Sedgwick is a company dedicated to supporting individuals facing unexpected challenges, and they are seeking a Senior Engineer for LLMOps & MLOps. This role involves owning the production lifecycle of AI initiatives by building automated infrastructure that connects legacy data systems with modern cloud AI services.
Responsibilities:
- Multi-Cloud Pipeline Execution: Build and maintain automated CI/CD and CT (Continuous Training) pipelines across AWS (SageMaker/Bedrock) and Azure (AI Studio)

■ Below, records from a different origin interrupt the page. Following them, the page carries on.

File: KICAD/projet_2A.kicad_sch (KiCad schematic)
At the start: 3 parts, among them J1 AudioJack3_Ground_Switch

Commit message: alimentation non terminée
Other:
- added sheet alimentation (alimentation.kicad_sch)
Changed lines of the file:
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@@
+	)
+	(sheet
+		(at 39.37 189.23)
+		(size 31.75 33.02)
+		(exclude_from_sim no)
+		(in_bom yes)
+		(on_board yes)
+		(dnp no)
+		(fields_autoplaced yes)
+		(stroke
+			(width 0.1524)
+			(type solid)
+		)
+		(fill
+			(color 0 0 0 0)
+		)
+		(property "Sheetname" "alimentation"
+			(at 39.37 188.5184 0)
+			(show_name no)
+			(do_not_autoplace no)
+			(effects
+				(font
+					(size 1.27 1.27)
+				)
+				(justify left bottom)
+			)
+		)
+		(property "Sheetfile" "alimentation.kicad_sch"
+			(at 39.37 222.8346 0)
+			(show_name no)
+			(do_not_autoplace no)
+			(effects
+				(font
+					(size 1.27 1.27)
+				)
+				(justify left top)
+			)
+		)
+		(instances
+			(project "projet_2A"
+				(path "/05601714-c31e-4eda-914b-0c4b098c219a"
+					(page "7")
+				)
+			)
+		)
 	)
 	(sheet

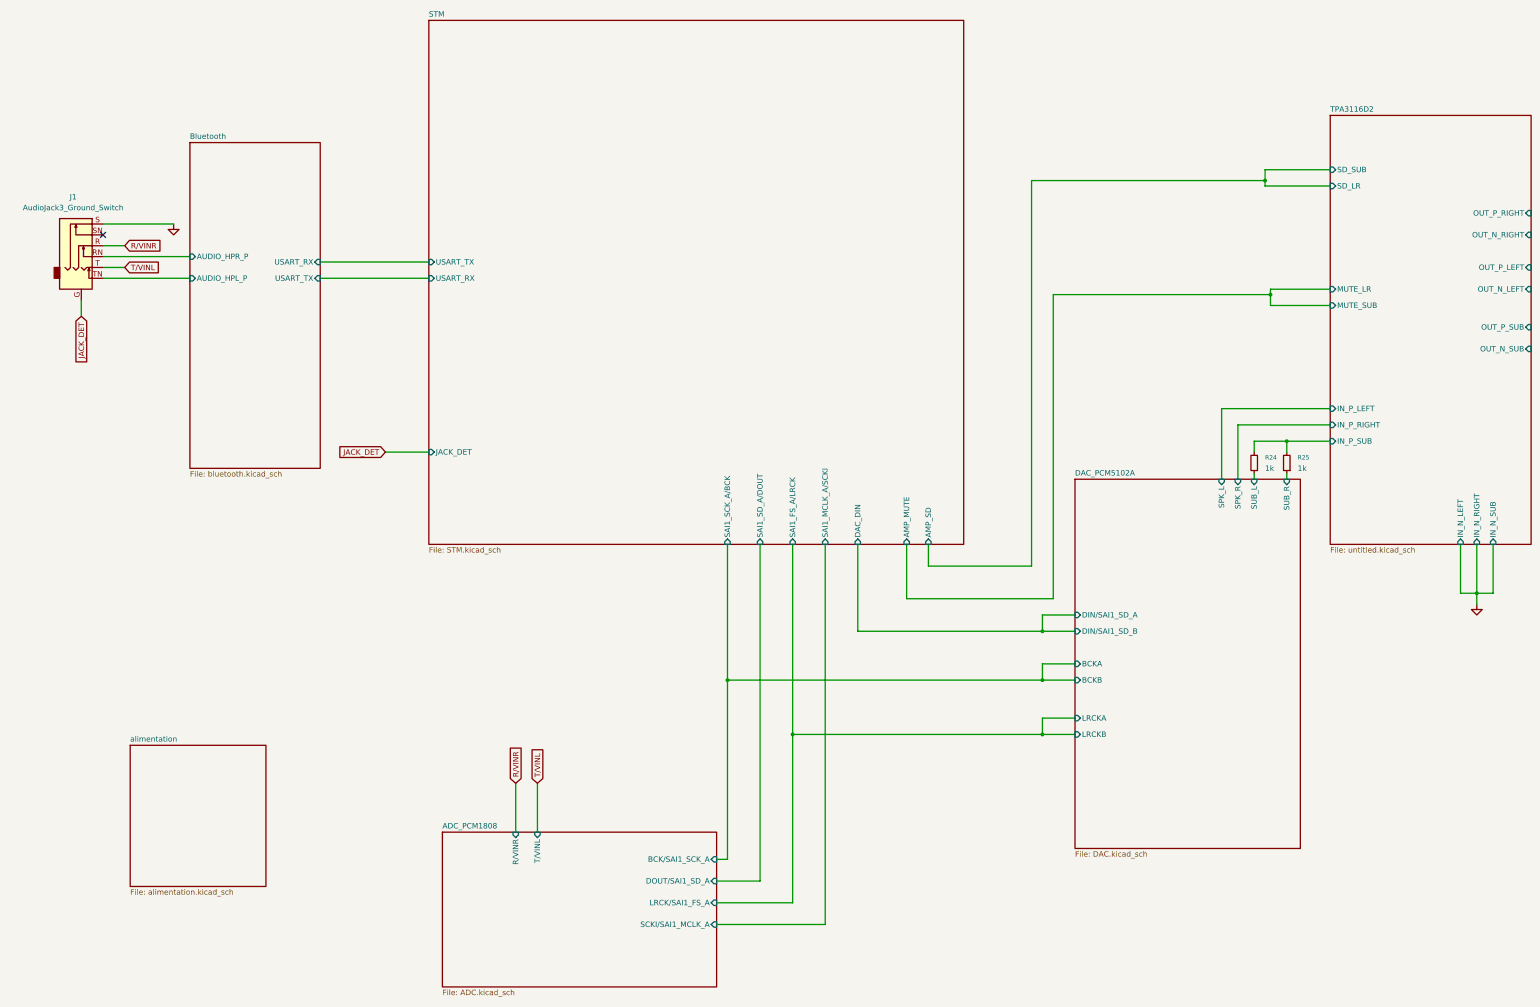
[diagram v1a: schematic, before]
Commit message: supression du subwoofer
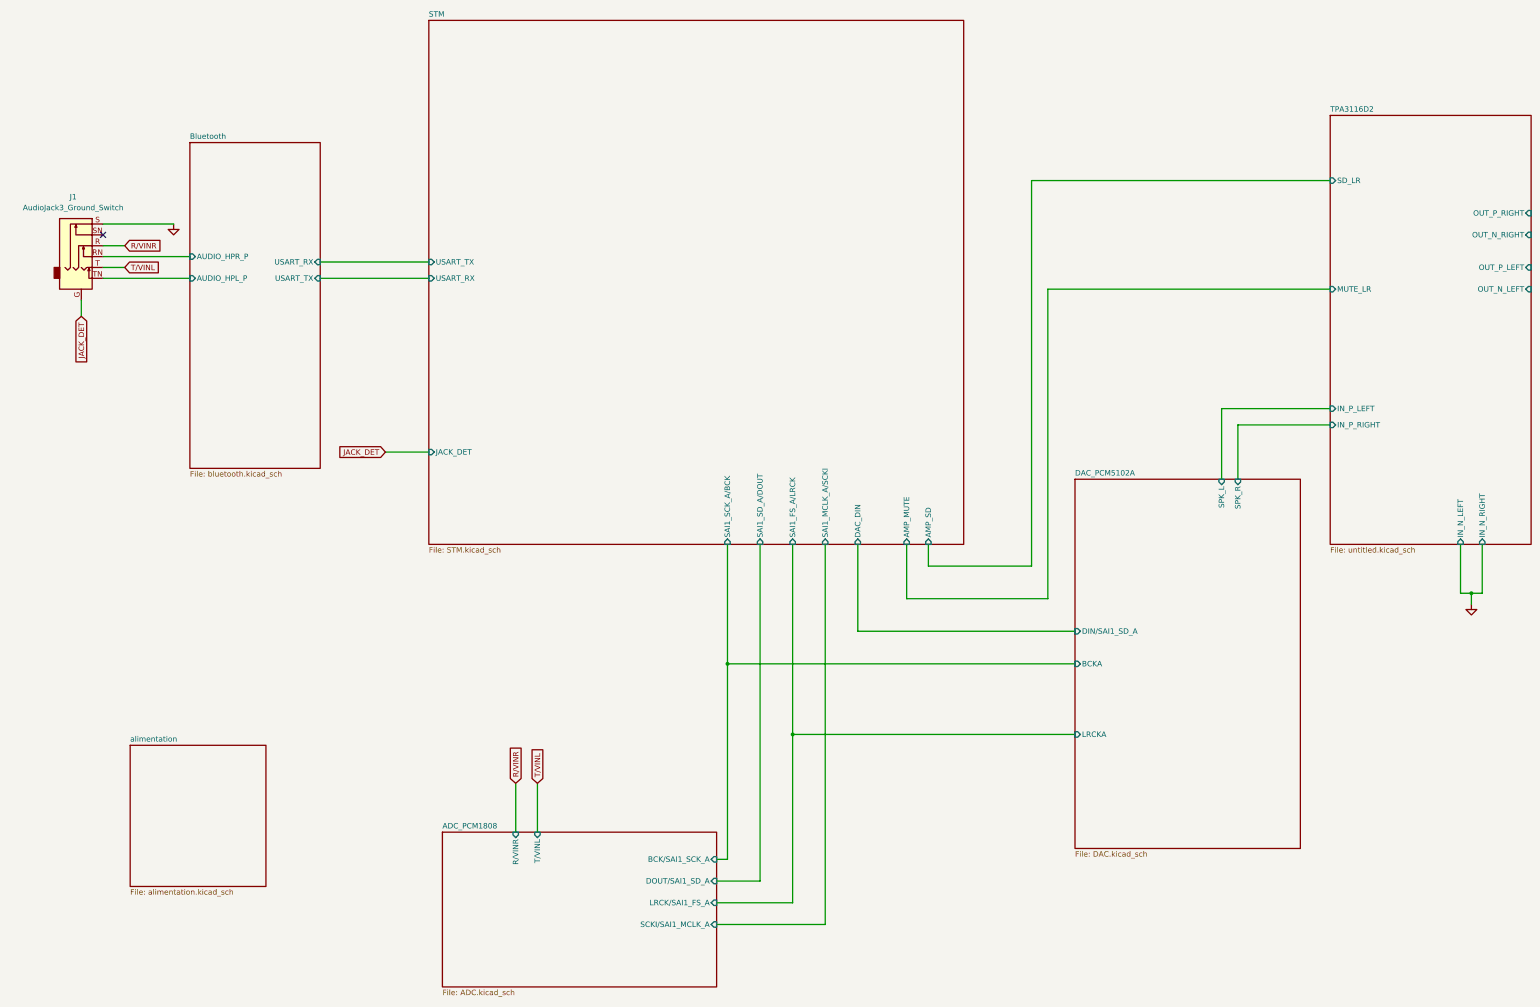
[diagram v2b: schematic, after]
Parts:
- removed R24, R25: 1k, symbol Device:R_Small
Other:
- sheet DAC_PCM5102A ports: added none; removed BCKB, DIN/SAI1_SD_B, LRCKB, SUB_L, SUB_R
- sheet TPA3116D2 ports: added none; removed IN_N_SUB, IN_P_SUB, MUTE_SUB, OUT_N_SUB, OUT_P_SUB, SD_SUB

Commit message: mise en forme globale
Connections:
- net R/VINR renamed JACK_R
- net T/VINL renamed JACK_L
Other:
- sheet ADC_PCM1808 ports: added BCK, DOUT, JACK_L, JACK_R, LRCK, SCKI; removed BCK/SAI1_SCK_A, DOUT/SAI1_SD_A, LRCK/SAI1_FS_A, R/VINR, SCKI/SAI1_MCLK_A, T/VINL
- sheet DAC_PCM5102A ports: added BCK, DIN, LRCK; removed BCKA, DIN/SAI1_SD_A, LRCKA
- sheet STM ports: added BCK, DIN, DOUT, LRCK, SCKI; removed DAC_DIN, SAI1_FS_A/LRCK, SAI1_MCLK_A/SCKI, SAI1_SCK_A/BCK, SAI1_SD_A/DOUT
- sheet TPA3116D2 ports: added AMP_MUTE, AMP_SD, PLIMIT, SPK_L, SPK_R; removed IN_N_LEFT, IN_N_RIGHT, IN_P_LEFT, IN_P_RIGHT, MUTE_LR, SD_LR

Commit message: interface HM
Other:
- added sheet Interface_HM (Interface_HM.kicad_sch)
- sheet ADC_PCM1808 ports: added I2S_BCK, I2S_DOUT, I2S_LRCK, I2S_SCKI; removed BCK, DOUT, LRCK, SCKI
- sheet Bluetooth ports: added BT_RX, BT_TX; removed USART_RX, USART_TX
- sheet DAC_PCM5102A ports: added I2S_BCK, I2S_DIN, I2S_LRCK; removed BCK, DIN, LRCK
- sheet STM ports: added none; removed AMP_MUTE, AMP_SD, BCK, DIN, DOUT, JACK_DET, LRCK, SCKI, USART_RX, USART_TX
- sheet TPA3116D2 ports: added AMP_PLIMIT; removed PLIMIT
- sheet alimentation ports: added USB_ALERT, USB_SCL, USB_SDA; removed none

- LLMOps Framework Implementation: Design and execute the infrastructure for Retrieval-Augmented Generation (RAG), including vector database management (OpenSearch, Pinecone, or Azure AI Search) and semantic index optimization
- Legacy Data Connectivity: Build the engineering "pipes" to securely ingest and move data from legacy systems (Mainframes, SQL Server, on-prem DBs) into cloud-native MLOps workflows
- Automated Model Evaluation: Implement systemized frameworks for LLM evaluation (LLM-as-a-judge, ROUGE, METEOR) and traditional ML validation to ensure performance before deployment
- Observability & Monitoring: Deploy real-time monitoring for model drift, hallucination detection, latency, and token consumption to manage both quality and cost
- Infrastructure as Code (IaC): Manage all AI resources using Terraform or CloudFormation, ensuring the cloud posture is reproducible, secure, and follows a "Privacy by Design" mandate
- Advanced Analytics Integration: Partner with teams using platforms like Palantir, Databricks, or Snowflake to ensure a high-fidelity data flow between analytical ontologies and production models
- IT & Security Diplomacy: Work directly with central IT and Security to navigate IAM roles, VPC peering, and firewall configurations, clearing the path for rapid transformation
- Scalable Inference Engineering: Optimize model serving endpoints for high-throughput and low-latency, utilizing containerization (Docker/Kubernetes) and serverless architectures where appropriate
- Prompt & Model Versioning: Establish rigorous version control for prompts (PromptOps), model weights, and data snapshots to ensure 100% auditability and rollback capability
- Data Science Engineering: Support the data science lifecycle by automating feature stores, feature engineering pipelines, and the transition of experimental notebooks into hardened production microservices
- Security & Compliance Hardening: Implement automated scanning and guardrails (e.g., Bedrock Guardrails or Azure Content Safety) to prevent prompt injection and data leakage
Requirements:
- Bachelor's degree in Computer Science or a related field required
- Master's degree in a quantitative discipline highly desirable
- 6+ years of engineering experience, with a minimum of 3 years strictly focused on MLOps or LLMOps in a production environment
- Deep, hands-on proficiency in both AWS and Azure ecosystems
- Ability to configure Bedrock and Azure OpenAI services, including private networking and endpoint security, on day one
- Expert Python, SQL, and PySpark
- Extensive experience with containerization (Docker, Kubernetes) and orchestration tools (Airflow, Kubeflow, or Step Functions)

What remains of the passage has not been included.